[Data to examine Boundary: Start]
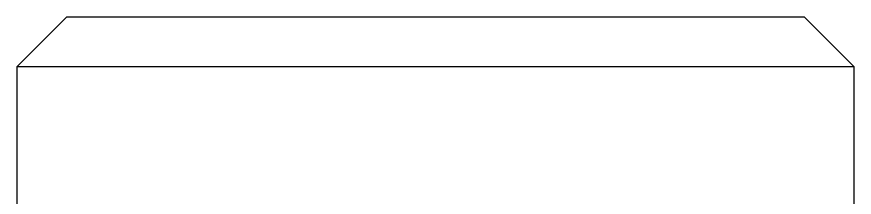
# Model space of a CAD drawing. Header units: inches. Extents: x 0 to 11, y 0.3 to 17.
# Drawn here: x 3.5108 to 3.7608, y 12.326 to 12.38 of the extents above; entities that cross this region are included whole.
import ezdxf

# ---------------------------------------------------------------- set-up
doc = ezdxf.new("R2010")
doc.units = ezdxf.units.IN
doc.header["$MEASUREMENT"] = 0
doc.layers.add('Layer 1', color=7, linetype='Continuous')

msp = doc.modelspace()

# ---------------------------------------------------------------- linework, layer by layer
at = {"layer": 'Layer 1', "color": 7, "lineweight": 25, "true_color": 0xffffff}
for points in [[(3.52583, 12.38), (3.51083, 12.365), (3.51083, 12.3175)], [(3.52583, 12.38), (3.64084, 12.38)], [(3.64084, 12.38), (3.74584, 12.38)], [(3.76083, 12.365), (3.74584, 12.38)], [(3.64167, 12.365), (3.51083, 12.365)], [(3.76083, 12.365), (3.64167, 12.365)], [(3.76083, 12.3175), (3.76083, 12.365)]]:
    msp.add_lwpolyline(points, dxfattribs=at)

doc.saveas('drawing.dxf')
[Data to examine Boundary: End]
◆ Description of the task:
Output the data exactly as it is, with the pictures dropped.

◆ Written solution:
# Model space of a CAD drawing. Header units: inches. Extents: x 0 to 11, y 0.3 to 17.
# Drawn here: x 3.5108 to 3.7608, y 12.326 to 12.38 of the extents above; entities that cross this region are included whole.
import ezdxf

# ---------------------------------------------------------------- set-up
doc = ezdxf.new("R2010")
doc.units = ezdxf.units.IN
doc.header["$MEASUREMENT"] = 0
doc.layers.add('Layer 1', color=7, linetype='Continuous')

msp = doc.modelspace()

# ---------------------------------------------------------------- linework, layer by layer
at = {"layer": 'Layer 1', "color": 7, "lineweight": 25, "true_color": 0xffffff}
for points in [[(3.52583, 12.38), (3.51083, 12.365), (3.51083, 12.3175)], [(3.52583, 12.38), (3.64084, 12.38)], [(3.64084, 12.38), (3.74584, 12.38)], [(3.76083, 12.365), (3.74584, 12.38)], [(3.64167, 12.365), (3.51083, 12.365)], [(3.76083, 12.365), (3.64167, 12.365)], [(3.76083, 12.3175), (3.76083, 12.365)]]:
    msp.add_lwpolyline(points, dxfattribs=at)

doc.saveas('drawing.dxf')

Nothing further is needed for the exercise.